TeachingSampling package updated

R
Sampling
Author

Andrés Gutiérrez

Published

March 12, 2010

Now it is available the latest version (v. 1.4.9) of the TeachingSampling package. Many colleagues, students and different people (both national and international) have contributed greatly to the development of this package. Although, I must admit that there are still some things that must be adjusted (such as the English grammar in the manual of the package), this entry is dedicated to realize some of these developments that have occurred since the first version (v. 0.7.6).

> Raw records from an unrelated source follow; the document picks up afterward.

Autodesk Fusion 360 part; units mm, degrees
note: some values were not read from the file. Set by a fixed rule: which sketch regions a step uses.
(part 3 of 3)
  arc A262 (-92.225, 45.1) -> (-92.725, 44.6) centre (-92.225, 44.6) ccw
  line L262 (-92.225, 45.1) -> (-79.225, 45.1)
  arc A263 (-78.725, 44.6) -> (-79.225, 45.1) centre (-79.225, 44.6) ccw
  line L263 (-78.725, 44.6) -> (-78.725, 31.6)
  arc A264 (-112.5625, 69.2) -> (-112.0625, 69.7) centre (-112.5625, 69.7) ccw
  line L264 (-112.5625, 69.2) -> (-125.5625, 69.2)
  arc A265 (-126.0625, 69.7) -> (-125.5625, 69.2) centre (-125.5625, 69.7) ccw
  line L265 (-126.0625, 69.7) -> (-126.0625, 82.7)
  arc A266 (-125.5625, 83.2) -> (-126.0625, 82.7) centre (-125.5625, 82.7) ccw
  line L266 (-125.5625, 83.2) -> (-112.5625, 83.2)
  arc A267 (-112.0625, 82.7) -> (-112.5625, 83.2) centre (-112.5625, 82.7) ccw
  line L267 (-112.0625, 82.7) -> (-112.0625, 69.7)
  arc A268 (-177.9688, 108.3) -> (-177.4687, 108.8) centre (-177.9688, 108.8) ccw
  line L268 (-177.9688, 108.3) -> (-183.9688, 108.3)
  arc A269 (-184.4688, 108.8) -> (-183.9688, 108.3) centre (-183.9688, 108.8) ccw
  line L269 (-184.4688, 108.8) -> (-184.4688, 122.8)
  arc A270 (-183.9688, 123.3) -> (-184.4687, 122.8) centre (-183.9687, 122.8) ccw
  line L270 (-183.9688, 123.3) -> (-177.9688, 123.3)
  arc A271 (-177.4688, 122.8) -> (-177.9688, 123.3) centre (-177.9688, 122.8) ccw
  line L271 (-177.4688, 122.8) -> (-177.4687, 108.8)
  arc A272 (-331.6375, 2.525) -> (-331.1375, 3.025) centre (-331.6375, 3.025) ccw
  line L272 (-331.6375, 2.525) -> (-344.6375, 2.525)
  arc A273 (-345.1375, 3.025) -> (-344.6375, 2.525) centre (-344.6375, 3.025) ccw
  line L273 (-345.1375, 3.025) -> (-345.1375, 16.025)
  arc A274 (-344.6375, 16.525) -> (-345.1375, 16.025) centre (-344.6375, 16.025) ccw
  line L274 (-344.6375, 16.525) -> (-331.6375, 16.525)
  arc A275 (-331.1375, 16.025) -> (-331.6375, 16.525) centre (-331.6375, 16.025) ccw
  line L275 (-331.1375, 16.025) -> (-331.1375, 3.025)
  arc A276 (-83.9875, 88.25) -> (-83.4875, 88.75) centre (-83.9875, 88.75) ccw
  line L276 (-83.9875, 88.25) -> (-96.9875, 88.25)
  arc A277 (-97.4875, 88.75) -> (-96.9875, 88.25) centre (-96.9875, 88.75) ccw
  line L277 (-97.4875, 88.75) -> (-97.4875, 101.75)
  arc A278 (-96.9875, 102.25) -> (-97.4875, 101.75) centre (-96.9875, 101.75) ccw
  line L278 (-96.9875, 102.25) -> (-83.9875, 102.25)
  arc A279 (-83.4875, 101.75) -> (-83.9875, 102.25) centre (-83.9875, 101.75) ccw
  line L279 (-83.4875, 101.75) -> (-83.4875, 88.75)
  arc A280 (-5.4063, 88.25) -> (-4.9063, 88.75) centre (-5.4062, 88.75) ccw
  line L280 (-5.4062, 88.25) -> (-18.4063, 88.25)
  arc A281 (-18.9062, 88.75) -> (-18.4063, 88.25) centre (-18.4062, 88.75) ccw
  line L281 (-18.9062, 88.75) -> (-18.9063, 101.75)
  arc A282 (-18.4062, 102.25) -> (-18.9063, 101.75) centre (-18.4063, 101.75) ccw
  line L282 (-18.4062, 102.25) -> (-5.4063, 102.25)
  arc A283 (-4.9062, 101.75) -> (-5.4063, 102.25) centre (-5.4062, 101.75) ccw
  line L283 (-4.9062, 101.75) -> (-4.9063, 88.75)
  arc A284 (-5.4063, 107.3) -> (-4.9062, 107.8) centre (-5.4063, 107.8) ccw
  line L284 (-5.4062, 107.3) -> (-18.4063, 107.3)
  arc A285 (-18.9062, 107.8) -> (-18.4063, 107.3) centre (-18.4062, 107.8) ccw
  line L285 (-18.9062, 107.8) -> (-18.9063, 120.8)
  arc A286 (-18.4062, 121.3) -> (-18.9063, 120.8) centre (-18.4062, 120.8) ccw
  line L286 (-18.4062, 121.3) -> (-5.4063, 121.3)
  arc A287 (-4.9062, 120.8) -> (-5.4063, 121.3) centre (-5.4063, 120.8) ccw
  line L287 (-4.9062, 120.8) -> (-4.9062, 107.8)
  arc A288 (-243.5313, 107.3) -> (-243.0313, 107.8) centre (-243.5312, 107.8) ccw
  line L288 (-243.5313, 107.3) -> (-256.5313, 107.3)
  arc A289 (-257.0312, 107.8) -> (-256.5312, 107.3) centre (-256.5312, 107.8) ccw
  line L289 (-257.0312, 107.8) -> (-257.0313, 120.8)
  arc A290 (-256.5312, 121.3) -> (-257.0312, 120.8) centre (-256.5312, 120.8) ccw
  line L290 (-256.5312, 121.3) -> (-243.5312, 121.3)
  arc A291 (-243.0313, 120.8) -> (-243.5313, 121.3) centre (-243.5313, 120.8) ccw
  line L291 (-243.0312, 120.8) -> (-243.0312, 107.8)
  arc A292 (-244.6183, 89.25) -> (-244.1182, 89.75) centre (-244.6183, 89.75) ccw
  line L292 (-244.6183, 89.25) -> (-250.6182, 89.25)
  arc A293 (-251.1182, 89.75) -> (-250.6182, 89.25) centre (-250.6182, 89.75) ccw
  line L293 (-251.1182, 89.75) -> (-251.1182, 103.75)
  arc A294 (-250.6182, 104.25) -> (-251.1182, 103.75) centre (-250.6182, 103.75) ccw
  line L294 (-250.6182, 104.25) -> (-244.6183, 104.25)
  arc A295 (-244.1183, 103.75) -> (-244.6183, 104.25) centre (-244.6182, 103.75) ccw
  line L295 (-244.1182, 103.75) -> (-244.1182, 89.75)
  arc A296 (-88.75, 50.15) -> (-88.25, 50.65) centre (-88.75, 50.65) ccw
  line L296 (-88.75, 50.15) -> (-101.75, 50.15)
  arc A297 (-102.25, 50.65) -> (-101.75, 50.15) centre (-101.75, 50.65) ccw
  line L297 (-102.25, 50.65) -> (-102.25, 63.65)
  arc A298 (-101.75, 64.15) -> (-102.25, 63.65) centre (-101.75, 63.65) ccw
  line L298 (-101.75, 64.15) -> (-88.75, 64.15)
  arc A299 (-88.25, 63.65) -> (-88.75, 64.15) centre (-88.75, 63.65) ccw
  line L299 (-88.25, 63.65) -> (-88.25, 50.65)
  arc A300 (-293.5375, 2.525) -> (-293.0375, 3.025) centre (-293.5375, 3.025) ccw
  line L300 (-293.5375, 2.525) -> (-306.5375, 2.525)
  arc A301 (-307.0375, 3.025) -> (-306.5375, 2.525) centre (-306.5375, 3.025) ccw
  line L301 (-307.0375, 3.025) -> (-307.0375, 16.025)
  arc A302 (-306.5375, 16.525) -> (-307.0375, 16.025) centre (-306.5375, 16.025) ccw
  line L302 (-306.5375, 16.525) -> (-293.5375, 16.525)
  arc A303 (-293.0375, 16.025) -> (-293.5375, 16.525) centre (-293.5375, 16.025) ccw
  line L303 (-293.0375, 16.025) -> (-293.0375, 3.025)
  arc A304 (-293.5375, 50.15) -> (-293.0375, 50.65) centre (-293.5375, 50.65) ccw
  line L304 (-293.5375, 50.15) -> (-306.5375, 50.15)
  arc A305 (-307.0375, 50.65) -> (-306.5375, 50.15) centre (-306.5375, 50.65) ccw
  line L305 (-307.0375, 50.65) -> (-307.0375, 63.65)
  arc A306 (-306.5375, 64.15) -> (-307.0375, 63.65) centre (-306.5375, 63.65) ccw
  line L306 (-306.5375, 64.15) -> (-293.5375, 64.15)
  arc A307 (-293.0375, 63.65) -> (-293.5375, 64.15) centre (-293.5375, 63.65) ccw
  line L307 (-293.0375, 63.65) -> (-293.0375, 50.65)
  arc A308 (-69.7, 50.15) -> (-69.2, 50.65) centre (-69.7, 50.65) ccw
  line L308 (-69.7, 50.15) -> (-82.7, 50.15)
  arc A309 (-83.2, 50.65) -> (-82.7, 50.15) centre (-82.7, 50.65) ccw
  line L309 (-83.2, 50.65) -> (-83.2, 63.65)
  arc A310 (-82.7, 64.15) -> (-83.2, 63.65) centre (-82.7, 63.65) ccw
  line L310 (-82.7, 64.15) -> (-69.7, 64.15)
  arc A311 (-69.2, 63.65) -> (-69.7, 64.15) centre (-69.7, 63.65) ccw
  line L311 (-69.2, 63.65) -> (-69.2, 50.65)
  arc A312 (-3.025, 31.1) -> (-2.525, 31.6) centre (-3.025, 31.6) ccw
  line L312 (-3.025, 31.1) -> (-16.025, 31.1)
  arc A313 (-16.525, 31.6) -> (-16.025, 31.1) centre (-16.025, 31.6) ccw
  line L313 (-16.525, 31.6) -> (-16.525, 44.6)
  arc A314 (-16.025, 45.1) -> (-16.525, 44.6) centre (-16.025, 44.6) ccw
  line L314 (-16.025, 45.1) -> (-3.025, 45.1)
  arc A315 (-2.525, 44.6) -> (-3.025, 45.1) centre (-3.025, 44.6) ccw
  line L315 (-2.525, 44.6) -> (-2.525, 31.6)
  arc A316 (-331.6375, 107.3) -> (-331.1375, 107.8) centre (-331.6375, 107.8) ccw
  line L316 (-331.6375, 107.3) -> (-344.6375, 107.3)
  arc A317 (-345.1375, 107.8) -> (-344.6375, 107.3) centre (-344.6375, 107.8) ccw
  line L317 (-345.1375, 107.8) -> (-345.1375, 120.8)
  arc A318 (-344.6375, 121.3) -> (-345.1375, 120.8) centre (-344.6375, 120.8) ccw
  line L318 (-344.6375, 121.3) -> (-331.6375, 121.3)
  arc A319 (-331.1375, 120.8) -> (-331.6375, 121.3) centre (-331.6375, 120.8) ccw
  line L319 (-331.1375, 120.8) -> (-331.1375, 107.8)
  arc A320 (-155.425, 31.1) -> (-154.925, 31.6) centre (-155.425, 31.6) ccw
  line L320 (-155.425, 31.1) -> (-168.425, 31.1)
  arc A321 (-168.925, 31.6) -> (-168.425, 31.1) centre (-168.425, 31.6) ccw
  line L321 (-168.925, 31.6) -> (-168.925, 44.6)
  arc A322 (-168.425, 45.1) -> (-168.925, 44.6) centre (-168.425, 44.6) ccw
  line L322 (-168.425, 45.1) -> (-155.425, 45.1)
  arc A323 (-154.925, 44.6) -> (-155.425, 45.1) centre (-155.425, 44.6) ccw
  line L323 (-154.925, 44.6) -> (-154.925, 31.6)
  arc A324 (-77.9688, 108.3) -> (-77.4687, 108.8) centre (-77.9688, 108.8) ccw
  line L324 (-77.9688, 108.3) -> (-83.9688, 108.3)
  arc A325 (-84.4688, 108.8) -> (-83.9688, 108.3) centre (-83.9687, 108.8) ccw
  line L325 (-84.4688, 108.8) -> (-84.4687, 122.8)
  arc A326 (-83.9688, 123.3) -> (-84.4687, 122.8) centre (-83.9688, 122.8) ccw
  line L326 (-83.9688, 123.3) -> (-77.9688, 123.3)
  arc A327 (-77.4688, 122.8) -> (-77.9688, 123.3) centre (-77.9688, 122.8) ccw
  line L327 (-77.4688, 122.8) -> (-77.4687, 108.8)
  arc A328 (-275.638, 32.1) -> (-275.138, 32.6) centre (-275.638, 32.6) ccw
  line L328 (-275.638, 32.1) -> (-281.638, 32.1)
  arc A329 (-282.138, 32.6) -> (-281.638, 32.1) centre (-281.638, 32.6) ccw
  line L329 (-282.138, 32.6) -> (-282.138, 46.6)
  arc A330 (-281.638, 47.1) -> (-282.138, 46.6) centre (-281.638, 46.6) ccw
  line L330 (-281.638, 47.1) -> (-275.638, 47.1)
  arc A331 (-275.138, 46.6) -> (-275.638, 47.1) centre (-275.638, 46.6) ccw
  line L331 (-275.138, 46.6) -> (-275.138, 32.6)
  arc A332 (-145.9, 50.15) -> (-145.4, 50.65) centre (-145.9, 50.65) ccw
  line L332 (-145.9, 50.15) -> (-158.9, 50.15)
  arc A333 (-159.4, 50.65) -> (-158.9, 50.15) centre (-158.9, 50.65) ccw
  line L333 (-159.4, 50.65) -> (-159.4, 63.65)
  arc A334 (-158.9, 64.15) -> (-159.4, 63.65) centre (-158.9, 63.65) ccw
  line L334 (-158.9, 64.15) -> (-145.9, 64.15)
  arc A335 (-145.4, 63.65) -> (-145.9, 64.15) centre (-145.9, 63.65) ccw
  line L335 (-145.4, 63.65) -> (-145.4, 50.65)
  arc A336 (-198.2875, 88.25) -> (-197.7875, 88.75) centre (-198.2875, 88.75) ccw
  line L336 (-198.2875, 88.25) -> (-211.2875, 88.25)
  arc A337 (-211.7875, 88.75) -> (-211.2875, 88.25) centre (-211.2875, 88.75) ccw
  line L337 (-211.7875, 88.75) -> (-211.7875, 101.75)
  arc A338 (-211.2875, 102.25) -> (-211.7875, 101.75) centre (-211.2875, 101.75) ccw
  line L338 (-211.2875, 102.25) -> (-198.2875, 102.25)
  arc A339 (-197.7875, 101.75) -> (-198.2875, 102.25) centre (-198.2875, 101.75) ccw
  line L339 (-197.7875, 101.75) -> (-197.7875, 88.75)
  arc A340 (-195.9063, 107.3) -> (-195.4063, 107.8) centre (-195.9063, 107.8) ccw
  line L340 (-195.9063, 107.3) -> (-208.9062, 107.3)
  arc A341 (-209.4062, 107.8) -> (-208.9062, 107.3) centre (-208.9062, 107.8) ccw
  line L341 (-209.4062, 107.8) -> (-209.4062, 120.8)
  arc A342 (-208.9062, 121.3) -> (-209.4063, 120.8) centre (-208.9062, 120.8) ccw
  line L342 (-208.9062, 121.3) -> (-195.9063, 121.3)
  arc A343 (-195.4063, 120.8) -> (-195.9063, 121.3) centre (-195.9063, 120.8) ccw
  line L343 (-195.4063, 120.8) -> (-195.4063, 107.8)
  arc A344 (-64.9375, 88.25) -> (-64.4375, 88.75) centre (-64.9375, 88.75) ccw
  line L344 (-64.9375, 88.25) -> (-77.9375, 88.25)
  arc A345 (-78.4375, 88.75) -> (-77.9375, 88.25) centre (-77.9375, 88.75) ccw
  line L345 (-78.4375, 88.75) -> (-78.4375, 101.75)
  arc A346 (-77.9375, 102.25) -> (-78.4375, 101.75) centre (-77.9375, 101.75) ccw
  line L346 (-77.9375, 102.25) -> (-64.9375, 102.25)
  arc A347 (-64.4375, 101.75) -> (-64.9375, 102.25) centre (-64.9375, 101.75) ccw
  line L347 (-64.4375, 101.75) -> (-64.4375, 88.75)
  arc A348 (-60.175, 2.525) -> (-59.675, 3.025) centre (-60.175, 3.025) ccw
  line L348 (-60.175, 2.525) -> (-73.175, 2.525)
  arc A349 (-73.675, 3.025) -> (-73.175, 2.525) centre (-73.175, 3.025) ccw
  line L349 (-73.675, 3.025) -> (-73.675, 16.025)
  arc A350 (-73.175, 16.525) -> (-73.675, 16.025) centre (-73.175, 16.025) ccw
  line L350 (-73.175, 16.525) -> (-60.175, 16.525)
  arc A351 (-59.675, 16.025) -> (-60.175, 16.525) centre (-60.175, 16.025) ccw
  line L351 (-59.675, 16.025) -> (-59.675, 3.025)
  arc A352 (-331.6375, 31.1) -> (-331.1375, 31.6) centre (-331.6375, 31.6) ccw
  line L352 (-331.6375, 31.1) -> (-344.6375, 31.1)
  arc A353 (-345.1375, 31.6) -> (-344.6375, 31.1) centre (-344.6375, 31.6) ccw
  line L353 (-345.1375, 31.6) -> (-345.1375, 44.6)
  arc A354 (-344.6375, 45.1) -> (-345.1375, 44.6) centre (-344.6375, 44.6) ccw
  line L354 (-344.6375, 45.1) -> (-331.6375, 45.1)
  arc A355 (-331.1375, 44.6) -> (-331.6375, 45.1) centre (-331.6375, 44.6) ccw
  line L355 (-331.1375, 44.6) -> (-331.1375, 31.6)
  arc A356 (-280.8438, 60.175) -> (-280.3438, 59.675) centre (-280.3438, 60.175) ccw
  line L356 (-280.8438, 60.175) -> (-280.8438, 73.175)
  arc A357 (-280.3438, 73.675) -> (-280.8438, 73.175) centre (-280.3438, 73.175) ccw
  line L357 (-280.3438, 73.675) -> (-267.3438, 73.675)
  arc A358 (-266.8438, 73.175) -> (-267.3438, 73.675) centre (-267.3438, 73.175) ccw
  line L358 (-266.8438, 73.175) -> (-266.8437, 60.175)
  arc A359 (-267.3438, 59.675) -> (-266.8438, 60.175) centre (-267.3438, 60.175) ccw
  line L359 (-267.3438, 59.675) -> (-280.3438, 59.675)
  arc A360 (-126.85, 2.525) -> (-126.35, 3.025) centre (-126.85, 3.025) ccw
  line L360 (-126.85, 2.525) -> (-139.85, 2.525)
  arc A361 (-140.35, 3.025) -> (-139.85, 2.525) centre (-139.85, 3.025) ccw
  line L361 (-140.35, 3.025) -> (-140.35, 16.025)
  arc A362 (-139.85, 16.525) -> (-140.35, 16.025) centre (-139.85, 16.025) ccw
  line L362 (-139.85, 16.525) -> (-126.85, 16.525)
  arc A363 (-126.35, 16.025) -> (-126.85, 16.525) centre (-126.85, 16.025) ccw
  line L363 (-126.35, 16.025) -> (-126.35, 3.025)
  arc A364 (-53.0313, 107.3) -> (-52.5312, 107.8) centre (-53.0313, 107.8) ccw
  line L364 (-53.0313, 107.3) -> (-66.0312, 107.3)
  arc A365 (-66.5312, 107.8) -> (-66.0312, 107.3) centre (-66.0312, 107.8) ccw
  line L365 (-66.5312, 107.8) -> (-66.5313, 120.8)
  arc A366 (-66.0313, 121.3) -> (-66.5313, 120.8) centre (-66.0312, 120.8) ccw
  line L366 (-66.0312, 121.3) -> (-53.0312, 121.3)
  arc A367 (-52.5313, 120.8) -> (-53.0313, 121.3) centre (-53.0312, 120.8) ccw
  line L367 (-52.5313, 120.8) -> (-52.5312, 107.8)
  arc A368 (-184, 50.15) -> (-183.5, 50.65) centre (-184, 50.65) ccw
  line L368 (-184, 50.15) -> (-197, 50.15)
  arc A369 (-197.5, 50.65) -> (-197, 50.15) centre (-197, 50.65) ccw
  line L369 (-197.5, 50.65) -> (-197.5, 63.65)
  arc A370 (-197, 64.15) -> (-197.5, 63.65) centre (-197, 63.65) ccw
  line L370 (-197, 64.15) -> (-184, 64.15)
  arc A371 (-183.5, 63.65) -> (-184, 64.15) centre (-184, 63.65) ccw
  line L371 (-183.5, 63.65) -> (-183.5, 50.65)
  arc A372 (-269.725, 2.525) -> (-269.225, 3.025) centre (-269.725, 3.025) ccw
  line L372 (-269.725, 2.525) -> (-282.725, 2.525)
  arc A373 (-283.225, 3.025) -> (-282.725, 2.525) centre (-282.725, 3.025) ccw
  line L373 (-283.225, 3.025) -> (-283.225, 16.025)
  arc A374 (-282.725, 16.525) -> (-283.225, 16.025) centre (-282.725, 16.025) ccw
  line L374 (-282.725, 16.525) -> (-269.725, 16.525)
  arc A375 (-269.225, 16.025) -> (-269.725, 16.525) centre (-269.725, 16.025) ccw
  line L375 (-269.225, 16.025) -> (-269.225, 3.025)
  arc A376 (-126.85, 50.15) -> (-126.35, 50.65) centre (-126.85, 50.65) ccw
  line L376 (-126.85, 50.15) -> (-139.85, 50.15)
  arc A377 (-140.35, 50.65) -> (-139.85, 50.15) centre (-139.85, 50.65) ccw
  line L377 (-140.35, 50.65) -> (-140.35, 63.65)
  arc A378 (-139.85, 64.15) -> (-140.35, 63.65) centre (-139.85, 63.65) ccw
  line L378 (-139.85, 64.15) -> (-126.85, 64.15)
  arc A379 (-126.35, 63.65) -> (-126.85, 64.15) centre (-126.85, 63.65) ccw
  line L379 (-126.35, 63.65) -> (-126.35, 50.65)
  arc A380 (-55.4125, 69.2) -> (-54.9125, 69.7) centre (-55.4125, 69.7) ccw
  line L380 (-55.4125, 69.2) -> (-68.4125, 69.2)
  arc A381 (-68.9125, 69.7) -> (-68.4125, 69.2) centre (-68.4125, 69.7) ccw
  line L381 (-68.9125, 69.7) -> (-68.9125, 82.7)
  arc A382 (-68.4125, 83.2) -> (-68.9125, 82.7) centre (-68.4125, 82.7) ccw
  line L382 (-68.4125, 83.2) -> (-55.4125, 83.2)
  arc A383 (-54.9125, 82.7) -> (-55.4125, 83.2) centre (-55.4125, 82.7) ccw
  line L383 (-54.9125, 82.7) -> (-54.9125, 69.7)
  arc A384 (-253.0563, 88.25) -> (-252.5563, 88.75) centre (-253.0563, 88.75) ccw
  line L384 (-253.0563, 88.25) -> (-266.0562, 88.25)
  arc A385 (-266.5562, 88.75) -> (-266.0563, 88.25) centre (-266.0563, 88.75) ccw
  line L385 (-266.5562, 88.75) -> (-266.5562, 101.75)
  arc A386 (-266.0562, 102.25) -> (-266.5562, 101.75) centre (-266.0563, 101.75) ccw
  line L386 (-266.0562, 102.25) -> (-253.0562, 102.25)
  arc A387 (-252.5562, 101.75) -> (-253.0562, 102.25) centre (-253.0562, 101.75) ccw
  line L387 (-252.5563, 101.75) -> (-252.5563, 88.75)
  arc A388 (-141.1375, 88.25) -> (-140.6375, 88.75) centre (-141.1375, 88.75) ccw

Finally, I emphasize - in a limited example - how useful this package may be in order to clarify basic concepts that must be rooted in the first classes of a course of sampling. In particular, I will refer to sampling with replacement: A sampling design is said with replacement if the resulting samples may contain repeated elements. Thus, the student may assert - incorrectly - that the set of all possible samples with replacement of size m = 2 in a population of size N = 3 is given by:

[,1] [,2]

[1, ] 1 1

[2, ] 1 2

[3, ] 1 3

[4, ] 2 1

[5, ] 2 2

[6, ] 2 3

[7, ] 3 1

[8, ] 3 2

[9, ] 3 3

The popular belief says that the number of possible with-replacement samples is equal to N ^ m. Well, this is not precisely true. Using the function SupportWR we realize that the number of samples, in a well-defined sampling support, is smaller.

SupportWR(3,2)

[,1] [,2]

[1, ] 1 1

[2, ] 1 2

[3, ] 1 3

[4, ] 2 2

[5, ] 2 3

[6, ] 3 3

Then the teacher can introduce the theoretical definition of the sampling design with replacement (that is not in Särndal et.al. 1992, but it is in Tillé 2006) and claim that the number of samples in the real support is equal to (M + m-1) combined (m) and that even if every element has equal probability of selection pk = 1 / N, not all samples are equally likely. This, results directly by linking the with-replacement sampling design to the multinomial distribution.

Finally, as a positive balance, I have to say that the TeachingSampling package, which was intended as a classroom tool for the professor of survey sampling, is being used by professionals and practitioner statisticians working for official institutions and marketing companies.